While most of these incorrect skills were associated with roundabout use, parallel parking or blind spot head checks, the survey also found that 37 percent of learning drivers had witnessed a parent or supervising driver speeding, and another 20 percent had seen them fail to indicate when turning or using a mobile phone when on the road.

NRMA Safer Driving Instructor Mark Toole told the Huffington Post Australia that many of the bad habits passed down from parents to their children come from years of not needing to understand the technicalities of getting behind the wheel.

"A lot of experienced drivers forget about things like blind spot head checks after a while. It's been a long time since they've done any driver training themselves as they did their licenses 20 to 40 years ago," he said.

"They've never really had to think about the skills they learned 40 years ago and now they have to teach their children.

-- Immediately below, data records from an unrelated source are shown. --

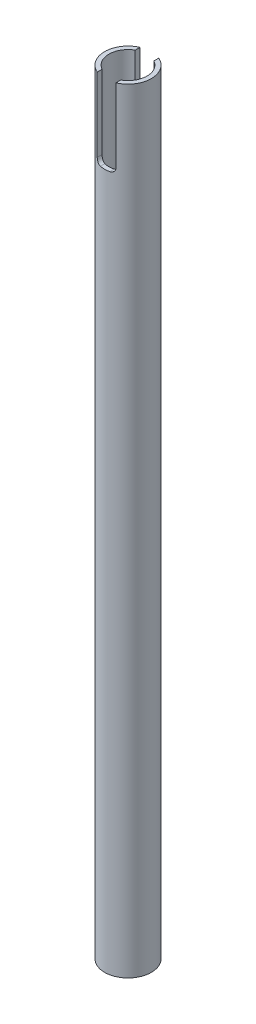
ISO-10303-21;
HEADER;
FILE_DESCRIPTION(('STEP AP214'),'2;1');
FILE_NAME('part.step','',(''),(''),'','','');
FILE_SCHEMA(('AUTOMOTIVE_DESIGN { 1 0 10303 214 1 1 1 1 }'));
ENDSEC;
DATA;
#1=APPLICATION_CONTEXT('core data for automotive mechanical design processes');
#2=APPLICATION_PROTOCOL_DEFINITION('international standard','automotive_design',2000,#1);
#3=PRODUCT_CONTEXT('',#1,'mechanical');
#4=PRODUCT('Part','Part','',(#3));
#5=PRODUCT_RELATED_PRODUCT_CATEGORY('part','',(#4));
#6=PRODUCT_DEFINITION_FORMATION('','',#4);
#7=PRODUCT_DEFINITION_CONTEXT('part definition',#1,'design');
#8=PRODUCT_DEFINITION('design','',#6,#7);
#9=PRODUCT_DEFINITION_SHAPE('','',#8);
#10=(LENGTH_UNIT() NAMED_UNIT(*) SI_UNIT(.MILLI.,.METRE.));
#11=(NAMED_UNIT(*) PLANE_ANGLE_UNIT() SI_UNIT($,.RADIAN.));
#12=(NAMED_UNIT(*) SI_UNIT($,.STERADIAN.) SOLID_ANGLE_UNIT());
#13=UNCERTAINTY_MEASURE_WITH_UNIT(LENGTH_MEASURE(1.E-05),#10,'distance_accuracy_value','');
#14=(GEOMETRIC_REPRESENTATION_CONTEXT(3) GLOBAL_UNCERTAINTY_ASSIGNED_CONTEXT((#13)) GLOBAL_UNIT_ASSIGNED_CONTEXT((#10,
#11,#12)) REPRESENTATION_CONTEXT('',''));
#15=CARTESIAN_POINT('',(0.,0.,0.));
#16=DIRECTION('',(0.,0.,1.));
#17=DIRECTION('',(1.,0.,0.));
#18=AXIS2_PLACEMENT_3D('',#15,#16,#17);
#19=CARTESIAN_POINT('',(3.17499999999999,138.491838411301,0.));
#20=DIRECTION('',(0.,1.,0.));
#21=DIRECTION('',(0.,0.,1.));
#22=AXIS2_PLACEMENT_3D('',#19,#20,#21);
#23=PLANE('',#22);
#24=DIRECTION('',(0.,0.,1.));
#25=VECTOR('',#24,1.);
#26=CARTESIAN_POINT('',(-3.17499999999999,138.491838411301,0.));
#27=LINE('',#26,#25);
#28=CARTESIAN_POINT('',(-3.17499999999999,138.491838411301,-7.2748389157424));
#29=VERTEX_POINT('',#28);
#30=CARTESIAN_POINT('',(-3.17499999999999,138.491838411301,-5.63085690548074));
#31=VERTEX_POINT('',#30);
#32=EDGE_CURVE('E173',#29,#31,#27,.T.);
#33=ORIENTED_EDGE('',*,*,#32,.F.);
#34=CARTESIAN_POINT('',(0.,138.491838411301,0.));
#35=DIRECTION('',(0.,1.,0.));
#36=DIRECTION('',(0.,0.,1.));
#37=AXIS2_PLACEMENT_3D('',#34,#35,#36);
#38=CIRCLE('',#37,7.9375);
#39=CARTESIAN_POINT('',(-3.17499999999999,138.491838411301,7.2748389157424));
#40=VERTEX_POINT('',#39);
#41=EDGE_CURVE('E151',#29,#40,#38,.T.);
#42=ORIENTED_EDGE('',*,*,#41,.T.);
#43=CARTESIAN_POINT('',(-3.17499999999999,138.491838411301,5.63085690548074));
#44=VERTEX_POINT('',#43);
#45=EDGE_CURVE('E171',#44,#40,#27,.T.);
#46=ORIENTED_EDGE('',*,*,#45,.F.);
#47=CARTESIAN_POINT('',(0.,138.491838411301,0.));
#48=DIRECTION('',(0.,1.,0.));
#49=DIRECTION('',(0.,0.,1.));
#50=AXIS2_PLACEMENT_3D('',#47,#48,#49);
#51=CIRCLE('',#50,6.4643);
#52=EDGE_CURVE('E169',#31,#44,#51,.T.);
#53=ORIENTED_EDGE('',*,*,#52,.F.);
#54=EDGE_LOOP('',(#33,#42,#46,#53));
#55=FACE_BOUND('',#54,.T.);
#56=ADVANCED_FACE('F37',(#55),#23,.T.);
#57=CARTESIAN_POINT('',(0.,186.342478713974,0.));
#58=DIRECTION('',(0.,-1.,0.));
#59=DIRECTION('',(0.,0.,-1.));
#60=AXIS2_PLACEMENT_3D('',#57,#58,#59);
#61=CYLINDRICAL_SURFACE('',#60,7.9375);
#62=CARTESIAN_POINT('',(0.,-124.460533205229,0.));
#63=DIRECTION('',(0.,1.,0.));
#64=DIRECTION('',(0.,0.,1.));
#65=AXIS2_PLACEMENT_3D('',#62,#63,#64);
#66=CIRCLE('',#65,7.9375);
#67=CARTESIAN_POINT('',(0.,-124.460533205229,7.9375));
#68=VERTEX_POINT('',#67);
#69=EDGE_CURVE('E154',#68,#68,#66,.T.);
#70=ORIENTED_EDGE('',*,*,#69,.T.);
#71=EDGE_LOOP('',(#70));
#72=FACE_BOUND('',#71,.T.);
#73=CARTESIAN_POINT('',(1.58749999999998,111.821838411301,-7.77712993333659));
#74=CARTESIAN_POINT('',(1.63350676862771,111.821838654892,-7.76774126330065));
#75=CARTESIAN_POINT('',(1.67940359564175,111.823839316009,-7.75794444810862));
#76=CARTESIAN_POINT('',(1.7706803958091,111.831776679327,-7.73762089991974));
#77=CARTESIAN_POINT('',(1.81606050148703,111.837712348075,-7.72709435922088));
#78=CARTESIAN_POINT('',(1.95078228156832,111.861285297326,-7.6945984520111));
#79=CARTESIAN_POINT('',(2.03894812030821,111.884689244249,-7.6716629936863));
#80=CARTESIAN_POINT('',(2.20953807004375,111.94596944142,-7.62428385726794));
#81=CARTESIAN_POINT('',(2.29196515383514,111.98383813168,-7.59984097261638));
#82=CARTESIAN_POINT('',(2.44917385980104,112.072985401722,-7.55064502184107));
#83=CARTESIAN_POINT('',(2.52395227814498,112.124269569167,-7.52589183057165));
#84=CARTESIAN_POINT('',(2.66543932718693,112.240256617122,-7.47696931777062));
#85=CARTESIAN_POINT('',(2.73193883493113,112.305225342237,-7.4528241459836));
#86=CARTESIAN_POINT('',(2.85299322074861,112.44636355607,-7.40732925012122));
#87=CARTESIAN_POINT('',(2.90754767783192,112.522533439402,-7.38597962458243));
#88=CARTESIAN_POINT('',(3.00159155783954,112.682107139886,-7.34825600672415));
#89=CARTESIAN_POINT('',(3.0414245229115,112.765281595146,-7.33177064627855));
#90=CARTESIAN_POINT('',(3.10622330269325,112.938052227247,-7.30455577634144));
#91=CARTESIAN_POINT('',(3.13121458917043,113.027637104415,-7.2938164085495));
#92=CARTESIAN_POINT('',(3.15710194076299,113.166684924183,-7.28263004031742));
#93=CARTESIAN_POINT('',(3.16380495831027,113.214940151024,-7.27971714426164));
#94=CARTESIAN_POINT('',(3.17275416759983,113.311899569453,-7.27581937849741));
#95=CARTESIAN_POINT('',(3.17500392571315,113.360603370371,-7.27483296598248));
#96=CARTESIAN_POINT('',(3.17499999999999,113.409338411301,-7.2748389157424));
#97=B_SPLINE_CURVE_WITH_KNOTS('',3,(#73,#74,#75,#76,#77,#78,#79,#80,#81,#82,#83,#84,#85,#86,#87,
#88,#89,#90,#91,#92,#93,#94,#95,#96),.UNSPECIFIED.,.F.,.F.,(4,2,2,2,2,2,2,2,2,2,2,4),(0.,
0.140770845296606,0.28150473451401,0.562238948643035,0.842826637517777,1.12353138019526,
1.41029752992664,1.69707378478449,1.97665708187306,2.255759151943,2.40195937855944,
2.54804247399298),.UNSPECIFIED.);
#98=CARTESIAN_POINT('',(1.58749999999998,111.821838411301,-7.77712993333659));
#99=VERTEX_POINT('',#98);
#100=CARTESIAN_POINT('',(3.17499999999998,113.409338411301,-7.2748389157424));
#101=VERTEX_POINT('',#100);
#102=EDGE_CURVE('E147',#99,#101,#97,.T.);
#103=ORIENTED_EDGE('',*,*,#102,.T.);
#104=DIRECTION('',(0.,-1.,0.));
#105=VECTOR('',#104,1.);
#106=CARTESIAN_POINT('',(3.175,186.342478713974,-7.2748389157424));
#107=LINE('',#106,#105);
#108=CARTESIAN_POINT('',(3.17499999999999,138.491838411301,-7.2748389157424));
#109=VERTEX_POINT('',#108);
#110=EDGE_CURVE('E134',#101,#109,#107,.F.);
#111=ORIENTED_EDGE('',*,*,#110,.T.);
#112=CARTESIAN_POINT('',(3.17499999999999,138.491838411301,7.2748389157424));
#113=VERTEX_POINT('',#112);
#114=EDGE_CURVE('E141',#113,#109,#38,.T.);
#115=ORIENTED_EDGE('',*,*,#114,.F.);
#116=DIRECTION('',(0.,-1.,0.));
#117=VECTOR('',#116,1.);
#118=CARTESIAN_POINT('',(3.175,186.342478713974,7.2748389157424));
#119=LINE('',#118,#117);
#120=CARTESIAN_POINT('',(3.17499999999998,113.409338411301,7.27483891574241));
#121=VERTEX_POINT('',#120);
#122=EDGE_CURVE('E59',#113,#121,#119,.T.);
#123=ORIENTED_EDGE('',*,*,#122,.T.);
#124=CARTESIAN_POINT('',(3.17499999999999,113.409338411301,7.2748389157424));
#125=CARTESIAN_POINT('',(3.17500168113658,113.366966859319,7.27483586366098));
#126=CARTESIAN_POINT('',(3.17330245165567,113.324617163656,7.27558001702576));
#127=CARTESIAN_POINT('',(3.16653661877878,113.240251349186,7.278528185394));
#128=CARTESIAN_POINT('',(3.16147102917758,113.198235133804,7.28073176088512));
#129=CARTESIAN_POINT('',(3.14133450163408,113.07345277579,7.28945465778902));
#130=CARTESIAN_POINT('',(3.12132308750013,112.9915724567,7.29808678684577));
#131=CARTESIAN_POINT('',(3.06894040253671,112.832714568699,7.32026684625099));
#132=CARTESIAN_POINT('',(3.03657783085926,112.755733593512,7.33381131641251));
#133=CARTESIAN_POINT('',(2.96061234627714,112.608341013137,7.36480545430106));
#134=CARTESIAN_POINT('',(2.91700139314277,112.537934156296,7.38225791423853));
#135=CARTESIAN_POINT('',(2.81767453343913,112.402259867427,7.42075264717217));
#136=CARTESIAN_POINT('',(2.76150754869699,112.337358857665,7.44191980144859));
#137=CARTESIAN_POINT('',(2.63982081610502,112.21767333396,7.48594933347427));
#138=CARTESIAN_POINT('',(2.5742973865362,112.162892821943,7.50881237683835));
#139=CARTESIAN_POINT('',(2.43069507728351,112.061215434871,7.5565684344493));
#140=CARTESIAN_POINT('',(2.35206470826202,112.015110905896,7.58149355937879));
#141=CARTESIAN_POINT('',(2.18789362747877,111.936945301696,7.63048866953837));
#142=CARTESIAN_POINT('',(2.10235659094259,111.90487681509,7.65455909988383));
#143=CARTESIAN_POINT('',(1.94541809174968,111.861051820317,7.6957350743198));
#144=CARTESIAN_POINT('',(1.87491037842446,111.846416715471,7.71322855066072));
#145=CARTESIAN_POINT('',(1.73219113401287,111.826800953617,7.74654000063457));
#146=CARTESIAN_POINT('',(1.65997981118742,111.821819122653,7.76235817778309));
#147=CARTESIAN_POINT('',(1.58749999999998,111.821838411301,7.77712993333659));
#148=B_SPLINE_CURVE_WITH_KNOTS('',3,(#124,#125,#126,#127,#128,#129,#130,#131,#132,#133,#134,
#135,#136,#137,#138,#139,#140,#141,#142,#143,#144,#145,#146,#147),.UNSPECIFIED.,.F.,.F.,(4,2,2,
2,2,2,2,2,2,2,2,4),(0.,0.127031494291929,0.254024749792393,0.506885265042634,0.759568013575099,
1.01243188015946,1.27651034681328,1.54069301498296,1.82289095795801,2.10493971303591,
2.326611113981,2.54825555529033),.UNSPECIFIED.);
#149=CARTESIAN_POINT('',(1.58749999999998,111.821838411301,7.77712993333659));
#150=VERTEX_POINT('',#149);
#151=EDGE_CURVE('E157',#121,#150,#148,.T.);
#152=ORIENTED_EDGE('',*,*,#151,.T.);
#153=CARTESIAN_POINT('',(0.,111.821838411301,0.));
#154=DIRECTION('',(0.,-1.,0.));
#155=DIRECTION('',(0.,0.,-1.));
#156=AXIS2_PLACEMENT_3D('',#153,#154,#155);
#157=CIRCLE('',#156,7.9375);
#158=CARTESIAN_POINT('',(-1.58749999999999,111.821838411301,7.7771299333366));
#159=VERTEX_POINT('',#158);
#160=EDGE_CURVE('E223',#150,#159,#157,.T.);
#161=ORIENTED_EDGE('',*,*,#160,.T.);
#162=CARTESIAN_POINT('',(-1.58749999999999,111.821838411301,7.7771299333366));
#163=CARTESIAN_POINT('',(-1.63350676862771,111.821838654892,7.76774126330065));
#164=CARTESIAN_POINT('',(-1.67940359564175,111.823839316009,7.75794444810862));
#165=CARTESIAN_POINT('',(-1.7706803958091,111.831776679327,7.73762089991974));
#166=CARTESIAN_POINT('',(-1.81606050148703,111.837712348075,7.72709435922088));
#167=CARTESIAN_POINT('',(-1.95078228156832,111.861285297326,7.6945984520111));
#168=CARTESIAN_POINT('',(-2.03894812030821,111.884689244249,7.6716629936863));
#169=CARTESIAN_POINT('',(-2.20953807004375,111.94596944142,7.62428385726794));
#170=CARTESIAN_POINT('',(-2.29196515383514,111.98383813168,7.59984097261638));
#171=CARTESIAN_POINT('',(-2.44917385980104,112.072985401722,7.55064502184107));
#172=CARTESIAN_POINT('',(-2.52395227814498,112.124269569167,7.52589183057165));
#173=CARTESIAN_POINT('',(-2.66543932718692,112.240256617122,7.47696931777063));
#174=CARTESIAN_POINT('',(-2.73193883493112,112.305225342237,7.4528241459836));
#175=CARTESIAN_POINT('',(-2.8529932207486,112.44636355607,7.40732925012122));
#176=CARTESIAN_POINT('',(-2.90754767783192,112.522533439402,7.38597962458243));
#177=CARTESIAN_POINT('',(-3.00159155783954,112.682107139886,7.34825600672415));
#178=CARTESIAN_POINT('',(-3.0414245229115,112.765281595146,7.33177064627855));
#179=CARTESIAN_POINT('',(-3.10622330269325,112.938052227247,7.30455577634144));
#180=CARTESIAN_POINT('',(-3.13121458917043,113.027637104415,7.2938164085495));
#181=CARTESIAN_POINT('',(-3.15710194076299,113.166684924183,7.28263004031742));
#182=CARTESIAN_POINT('',(-3.16380495831027,113.214940151024,7.27971714426164));
#183=CARTESIAN_POINT('',(-3.17275416759983,113.311899569453,7.27581937849741));
#184=CARTESIAN_POINT('',(-3.17500392571315,113.360603370371,7.27483296598248));
#185=CARTESIAN_POINT('',(-3.17499999999999,113.409338411301,7.2748389157424));
#186=B_SPLINE_CURVE_WITH_KNOTS('',3,(#162,#163,#164,#165,#166,#167,#168,#169,#170,#171,#172,
#173,#174,#175,#176,#177,#178,#179,#180,#181,#182,#183,#184,#185),.UNSPECIFIED.,.F.,.F.,(4,2,2,
2,2,2,2,2,2,2,2,4),(0.,0.140770845296606,0.28150473451401,0.562238948643035,0.842826637517777,
1.12353138019526,1.41029752992662,1.69707378478449,1.97665708187306,2.255759151943,
2.40195937855944,2.54804247399298),.UNSPECIFIED.);
#187=CARTESIAN_POINT('',(-3.17499999999999,113.409338411301,7.2748389157424));
#188=VERTEX_POINT('',#187);
#189=EDGE_CURVE('E213',#159,#188,#186,.T.);
#190=ORIENTED_EDGE('',*,*,#189,.T.);
#191=DIRECTION('',(0.,-1.,0.));
#192=VECTOR('',#191,1.);
#193=CARTESIAN_POINT('',(-3.175,186.342478713974,7.2748389157424));
#194=LINE('',#193,#192);
#195=EDGE_CURVE('E277',#188,#40,#194,.F.);
#196=ORIENTED_EDGE('',*,*,#195,.T.);
#197=ORIENTED_EDGE('',*,*,#41,.F.);
#198=DIRECTION('',(0.,-1.,0.));
#199=VECTOR('',#198,1.);
#200=CARTESIAN_POINT('',(-3.175,186.342478713974,-7.2748389157424));
#201=LINE('',#200,#199);
#202=CARTESIAN_POINT('',(-3.17499999999999,113.409338411301,-7.2748389157424));
#203=VERTEX_POINT('',#202);
#204=EDGE_CURVE('E214',#29,#203,#201,.T.);
#205=ORIENTED_EDGE('',*,*,#204,.T.);
#206=CARTESIAN_POINT('',(-3.17499999999999,113.409338411301,-7.2748389157424));
#207=CARTESIAN_POINT('',(-3.17500168113658,113.366966859319,-7.27483586366098));
#208=CARTESIAN_POINT('',(-3.17330245165567,113.324617163656,-7.27558001702576));
#209=CARTESIAN_POINT('',(-3.16653661877878,113.240251349186,-7.278528185394));
#210=CARTESIAN_POINT('',(-3.16147102917758,113.198235133804,-7.28073176088512));
#211=CARTESIAN_POINT('',(-3.14133450163408,113.07345277579,-7.28945465778902));
#212=CARTESIAN_POINT('',(-3.12132308750013,112.9915724567,-7.29808678684577));
#213=CARTESIAN_POINT('',(-3.06894040253671,112.832714568699,-7.32026684625099));
#214=CARTESIAN_POINT('',(-3.03657783085926,112.755733593512,-7.33381131641251));
#215=CARTESIAN_POINT('',(-2.96061234627714,112.608341013137,-7.36480545430106));
#216=CARTESIAN_POINT('',(-2.91700139314277,112.537934156296,-7.38225791423853));
#217=CARTESIAN_POINT('',(-2.81767453343913,112.402259867427,-7.42075264717217));
#218=CARTESIAN_POINT('',(-2.76150754869699,112.337358857665,-7.44191980144859));
#219=CARTESIAN_POINT('',(-2.63982081610502,112.21767333396,-7.48594933347427));
#220=CARTESIAN_POINT('',(-2.5742973865362,112.162892821943,-7.50881237683835));
#221=CARTESIAN_POINT('',(-2.43069507728351,112.061215434871,-7.5565684344493));
#222=CARTESIAN_POINT('',(-2.35206470826202,112.015110905896,-7.58149355937879));
#223=CARTESIAN_POINT('',(-2.18789362747877,111.936945301696,-7.63048866953837));
#224=CARTESIAN_POINT('',(-2.10235659094259,111.90487681509,-7.65455909988383));
#225=CARTESIAN_POINT('',(-1.94541809174968,111.861051820317,-7.6957350743198));
#226=CARTESIAN_POINT('',(-1.87491037842446,111.846416715471,-7.71322855066072));
#227=CARTESIAN_POINT('',(-1.73219113401287,111.826800953617,-7.74654000063457));
#228=CARTESIAN_POINT('',(-1.65997981118742,111.821819122653,-7.76235817778309));
#229=CARTESIAN_POINT('',(-1.58749999999998,111.821838411301,-7.7771299333366));
#230=B_SPLINE_CURVE_WITH_KNOTS('',3,(#206,#207,#208,#209,#210,#211,#212,#213,#214,#215,#216,
#217,#218,#219,#220,#221,#222,#223,#224,#225,#226,#227,#228,#229),.UNSPECIFIED.,.F.,.F.,(4,2,2,
2,2,2,2,2,2,2,2,4),(0.,0.127031494291929,0.254024749792393,0.506885265042634,0.7595680135751,
1.01243188015946,1.27651034681328,1.54069301498296,1.82289095795801,2.10493971303591,
2.326611113981,2.54825555529033),.UNSPECIFIED.);
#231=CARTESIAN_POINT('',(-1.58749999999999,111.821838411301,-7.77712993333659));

Things like parallel parking can be difficult to teach their kids."

According to the survey, half of the respondents also said professional instructors taught them road rules that their parents or supervising drivers were not aware of when attempting to teach them to drive.

The results were released to coincide with a new series of online NRMA driver safety and learning videos that pushes the importance of experienced drivers updating their knowledge of the road rules and technicalities of driving a car.

"It's invaluable for parents to brush up their skills to become aware of rules they might not have known about. The first step is to get some professional tuition," Toole said.

"It's really crucial that parents get it right, it's the environment they have to drive in everyday. It highlights the need to endeavour to do it right from the start."